Necessary tools and machines

09507 01
Soldering iron (generic)

Apps and online services

About this project

A spectrum analyzer measures the magnitude of an input signal versus frequency within the full frequency range of the instrument.

In this project is presented a very simple way in which such a device can be made with the help of only a few components:

- Arduino Nano microcontroller

- 16X2 LCD display

- Capacitor 47 nF

- Trimer potentiometer 10 kOhm

The "FHTSpectrumAnalyzer" project was chosen as the source for creating the spectrum analyzer and minor changes were made to the code. The display connection via I2C was changed to 4-bit mode, the ADC reference voltage was switched to internal 1.1 V. You will also need the FHT.h library.

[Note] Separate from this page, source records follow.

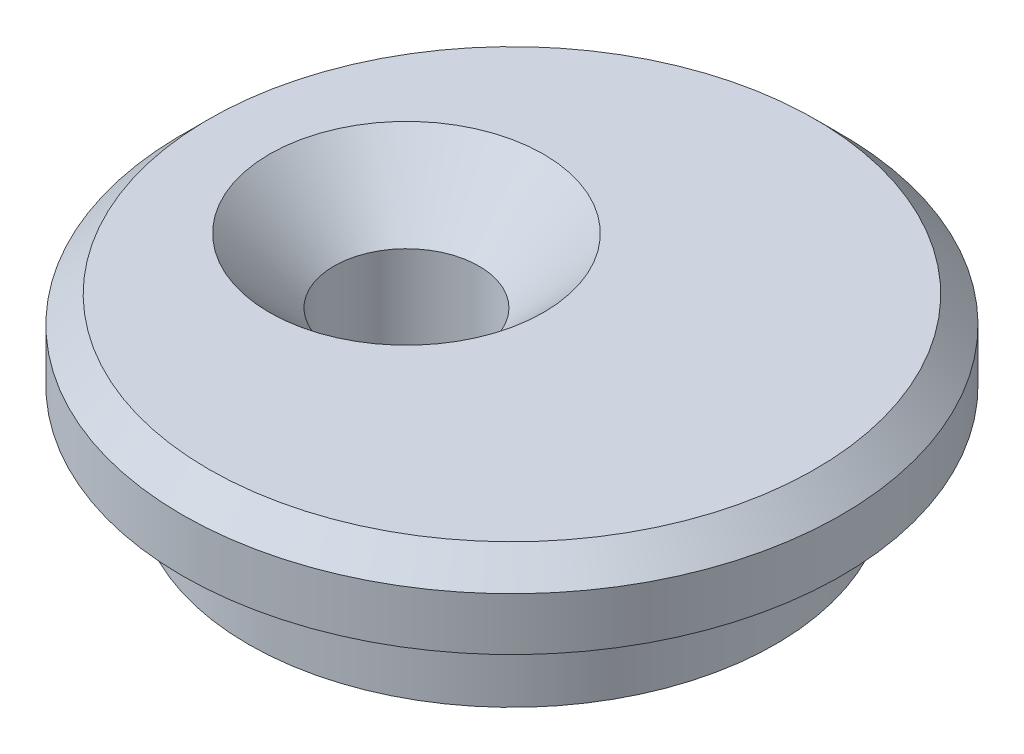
ISO-10303-21;
HEADER;
FILE_DESCRIPTION(('STEP AP214'),'2;1');
FILE_NAME('part.step','',(''),(''),'','','');
FILE_SCHEMA(('AUTOMOTIVE_DESIGN { 1 0 10303 214 1 1 1 1 }'));
ENDSEC;
DATA;
#1=APPLICATION_CONTEXT('core data for automotive mechanical design processes');
#2=APPLICATION_PROTOCOL_DEFINITION('international standard','automotive_design',2000,#1);
#3=PRODUCT_CONTEXT('',#1,'mechanical');
#4=PRODUCT('Part','Part','',(#3));
#5=PRODUCT_RELATED_PRODUCT_CATEGORY('part','',(#4));
#6=PRODUCT_DEFINITION_FORMATION('','',#4);
#7=PRODUCT_DEFINITION_CONTEXT('part definition',#1,'design');
#8=PRODUCT_DEFINITION('design','',#6,#7);
#9=PRODUCT_DEFINITION_SHAPE('','',#8);
#10=(LENGTH_UNIT() NAMED_UNIT(*) SI_UNIT(.MILLI.,.METRE.));
#11=(NAMED_UNIT(*) PLANE_ANGLE_UNIT() SI_UNIT($,.RADIAN.));
#12=(NAMED_UNIT(*) SI_UNIT($,.STERADIAN.) SOLID_ANGLE_UNIT());
#13=UNCERTAINTY_MEASURE_WITH_UNIT(LENGTH_MEASURE(1.E-05),#10,'distance_accuracy_value','');
#14=(GEOMETRIC_REPRESENTATION_CONTEXT(3) GLOBAL_UNCERTAINTY_ASSIGNED_CONTEXT((#13)) GLOBAL_UNIT_ASSIGNED_CONTEXT((#10,
#11,#12)) REPRESENTATION_CONTEXT('',''));
#15=CARTESIAN_POINT('',(0.,0.,0.));
#16=DIRECTION('',(0.,0.,1.));
#17=DIRECTION('',(1.,0.,0.));
#18=AXIS2_PLACEMENT_3D('',#15,#16,#17);
#19=CARTESIAN_POINT('',(0.,3.5,0.));
#20=DIRECTION('',(0.,-1.,0.));
#21=DIRECTION('',(0.,0.,-1.));
#22=AXIS2_PLACEMENT_3D('',#19,#20,#21);
#23=CYLINDRICAL_SURFACE('',#22,10.);
#24=CARTESIAN_POINT('',(0.,3.5,0.));
#25=DIRECTION('',(0.,1.,0.));
#26=DIRECTION('',(0.,0.,1.));
#27=AXIS2_PLACEMENT_3D('',#24,#25,#26);
#28=CIRCLE('',#27,10.);
#29=CARTESIAN_POINT('',(0.,3.5,10.));
#30=VERTEX_POINT('',#29);
#31=EDGE_CURVE('E40',#30,#30,#28,.T.);
#32=ORIENTED_EDGE('',*,*,#31,.F.);
#33=EDGE_LOOP('',(#32));
#34=FACE_BOUND('',#33,.T.);
#35=CARTESIAN_POINT('',(0.,0.,0.));
#36=DIRECTION('',(0.,1.,0.));
#37=DIRECTION('',(0.,0.,1.));
#38=AXIS2_PLACEMENT_3D('',#35,#36,#37);
#39=CIRCLE('',#38,10.);
#40=CARTESIAN_POINT('',(0.,0.,10.));
#41=VERTEX_POINT('',#40);
#42=EDGE_CURVE('E44',#41,#41,#39,.T.);
#43=ORIENTED_EDGE('',*,*,#42,.T.);
#44=EDGE_LOOP('',(#43));
#45=FACE_BOUND('',#44,.T.);
#46=ADVANCED_FACE('F29',(#34,#45),#23,.T.);
#47=CARTESIAN_POINT('',(0.,0.,0.));
#48=DIRECTION('',(0.,1.,0.));
#49=DIRECTION('',(0.,0.,1.));
#50=AXIS2_PLACEMENT_3D('',#47,#48,#49);
#51=PLANE('',#50);
#52=CARTESIAN_POINT('',(-4.,0.,0.));
#53=DIRECTION('',(0.,1.,0.));
#54=DIRECTION('',(0.,0.,1.));
#55=AXIS2_PLACEMENT_3D('',#52,#53,#54);
#56=CIRCLE('',#55,2.75);
#57=CARTESIAN_POINT('',(-4.,0.,2.75));
#58=VERTEX_POINT('',#57);
#59=EDGE_CURVE('E52',#58,#58,#56,.T.);
#60=ORIENTED_EDGE('',*,*,#59,.T.);
#61=EDGE_LOOP('',(#60));
#62=FACE_BOUND('',#61,.T.);
#63=ORIENTED_EDGE('',*,*,#42,.F.);
#64=EDGE_LOOP('',(#63));
#65=FACE_BOUND('',#64,.T.);
#66=ADVANCED_FACE('F79',(#62,#65),#51,.F.);
#67=CARTESIAN_POINT('',(0.,3.5,0.));
#68=DIRECTION('',(0.,1.,0.));
#69=DIRECTION('',(0.,0.,1.));
#70=AXIS2_PLACEMENT_3D('',#67,#68,#69);
#71=PLANE('',#70);
#72=CARTESIAN_POINT('',(0.,3.5,0.));
#73=DIRECTION('',(0.,1.,0.));
#74=DIRECTION('',(0.,0.,1.));
#75=AXIS2_PLACEMENT_3D('',#72,#73,#74);
#76=CIRCLE('',#75,12.5);
#77=CARTESIAN_POINT('',(0.,3.5,12.5));
#78=VERTEX_POINT('',#77);
#79=EDGE_CURVE('E48',#78,#78,#76,.T.);
#80=ORIENTED_EDGE('',*,*,#79,.F.);
#81=EDGE_LOOP('',(#80));
#82=FACE_BOUND('',#81,.T.);
#83=ORIENTED_EDGE('',*,*,#31,.T.);
#84=EDGE_LOOP('',(#83));
#85=FACE_BOUND('',#84,.T.);
#86=ADVANCED_FACE('F74',(#82,#85),#71,.F.);
#87=CARTESIAN_POINT('',(0.,6.5,0.));
#88=DIRECTION('',(0.,-1.,0.));
#89=DIRECTION('',(0.,0.,-1.));
#90=AXIS2_PLACEMENT_3D('',#87,#88,#89);
#91=CYLINDRICAL_SURFACE('',#90,12.5);
#92=CARTESIAN_POINT('',(0.,5.50000000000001,0.));
#93=DIRECTION('',(0.,1.,0.));
#94=DIRECTION('',(0.,0.,1.));
#95=AXIS2_PLACEMENT_3D('',#92,#93,#94);
#96=CIRCLE('',#95,12.5);
#97=CARTESIAN_POINT('',(0.,5.50000000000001,12.5));
#98=VERTEX_POINT('',#97);
#99=EDGE_CURVE('E10',#98,#98,#96,.F.);
#100=ORIENTED_EDGE('',*,*,#99,.T.);
#101=EDGE_LOOP('',(#100));
#102=FACE_BOUND('',#101,.T.);
#103=ORIENTED_EDGE('',*,*,#79,.T.);
#104=EDGE_LOOP('',(#103));
#105=FACE_BOUND('',#104,.T.);
#106=ADVANCED_FACE('F66',(#102,#105),#91,.T.);
#107=CARTESIAN_POINT('',(0.,6.5,0.));
#108=DIRECTION('',(0.,1.,0.));
#109=DIRECTION('',(0.,0.,1.));
#110=AXIS2_PLACEMENT_3D('',#107,#108,#109);
#111=PLANE('',#110);
#112=CARTESIAN_POINT('',(-4.,6.5,0.));
#113=DIRECTION('',(0.,1.,0.));
#114=DIRECTION('',(0.,0.,1.));
#115=AXIS2_PLACEMENT_3D('',#112,#113,#114);
#116=CIRCLE('',#115,5.2);
#117=CARTESIAN_POINT('',(-4.,6.5,5.2));
#118=VERTEX_POINT('',#117);
#119=EDGE_CURVE('E58',#118,#118,#116,.T.);
#120=ORIENTED_EDGE('',*,*,#119,.F.);
#121=EDGE_LOOP('',(#120));
#122=FACE_BOUND('',#121,.T.);
#123=CARTESIAN_POINT('',(0.,6.5,0.));
#124=DIRECTION('',(0.,1.,0.));
#125=DIRECTION('',(0.,0.,1.));
#126=AXIS2_PLACEMENT_3D('',#123,#124,#125);
#127=CIRCLE('',#126,11.5);
#128=CARTESIAN_POINT('',(0.,6.5,11.5));
#129=VERTEX_POINT('',#128);
#130=EDGE_CURVE('E36',#129,#129,#127,.T.);
#131=ORIENTED_EDGE('',*,*,#130,.T.);
#132=EDGE_LOOP('',(#131));
#133=FACE_BOUND('',#132,.T.);
#134=ADVANCED_FACE('F64',(#122,#133),#111,.T.);
#135=CARTESIAN_POINT('',(0.,6.5,0.));
#136=DIRECTION('',(0.,-1.,0.));
#137=DIRECTION('',(0.,0.,-1.));
#138=AXIS2_PLACEMENT_3D('',#135,#136,#137);
#139=CONICAL_SURFACE('',#138,11.5,0.785398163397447);
#140=ORIENTED_EDGE('',*,*,#99,.F.);
#141=EDGE_LOOP('',(#140));
#142=FACE_BOUND('',#141,.T.);
#143=ORIENTED_EDGE('',*,*,#130,.F.);
#144=EDGE_LOOP('',(#143));
#145=FACE_BOUND('',#144,.T.);
#146=ADVANCED_FACE('F31',(#142,#145),#139,.T.);
#147=CARTESIAN_POINT('',(-4.,6.5,0.));
#148=DIRECTION('',(0.,1.,0.));
#149=DIRECTION('',(0.,0.,1.));
#150=AXIS2_PLACEMENT_3D('',#147,#148,#149);
#151=CYLINDRICAL_SURFACE('',#150,2.75);
#152=ORIENTED_EDGE('',*,*,#59,.F.);
#153=EDGE_LOOP('',(#152));
#154=FACE_BOUND('',#153,.T.);
#155=CARTESIAN_POINT('',(-4.,4.05,0.));
#156=DIRECTION('',(0.,1.,0.));
#157=DIRECTION('',(0.,0.,1.));
#158=AXIS2_PLACEMENT_3D('',#155,#156,#157);
#159=CIRCLE('',#158,2.75);
#160=CARTESIAN_POINT('',(-4.,4.05,2.75));
#161=VERTEX_POINT('',#160);
#162=EDGE_CURVE('E55',#161,#161,#159,.T.);
#163=ORIENTED_EDGE('',*,*,#162,.T.);
#164=EDGE_LOOP('',(#163));
#165=FACE_BOUND('',#164,.T.);
#166=ADVANCED_FACE('F72',(#154,#165),#151,.F.);
#167=CARTESIAN_POINT('',(-4.,6.5,0.));
#168=DIRECTION('',(0.,1.,0.));
#169=DIRECTION('',(0.,0.,1.));
#170=AXIS2_PLACEMENT_3D('',#167,#168,#169);
#171=CONICAL_SURFACE('',#170,5.2,0.785398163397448);
#172=ORIENTED_EDGE('',*,*,#162,.F.);
#173=EDGE_LOOP('',(#172));
#174=FACE_BOUND('',#173,.T.);
#175=ORIENTED_EDGE('',*,*,#119,.T.);
#176=EDGE_LOOP('',(#175));
#177=FACE_BOUND('',#176,.T.);
#178=ADVANCED_FACE('F62',(#174,#177),#171,.F.);
#179=CLOSED_SHELL('',(#46,#66,#86,#106,#134,#146,#166,#178));
#180=MANIFOLD_SOLID_BREP('B2',#179);
#181=ADVANCED_BREP_SHAPE_REPRESENTATION('',(#18,#180),#14);
#182=SHAPE_DEFINITION_REPRESENTATION(#9,#181);
ENDSEC;
END-ISO-10303-21;

An audio signal directly through a 47 nF capacitor is fed to analog input A1, the spectrum analyzer has an automatic gain of the input signal, which improves the visual image of the spectrum analyzer.

You can also use the button to select one of the six visual modes.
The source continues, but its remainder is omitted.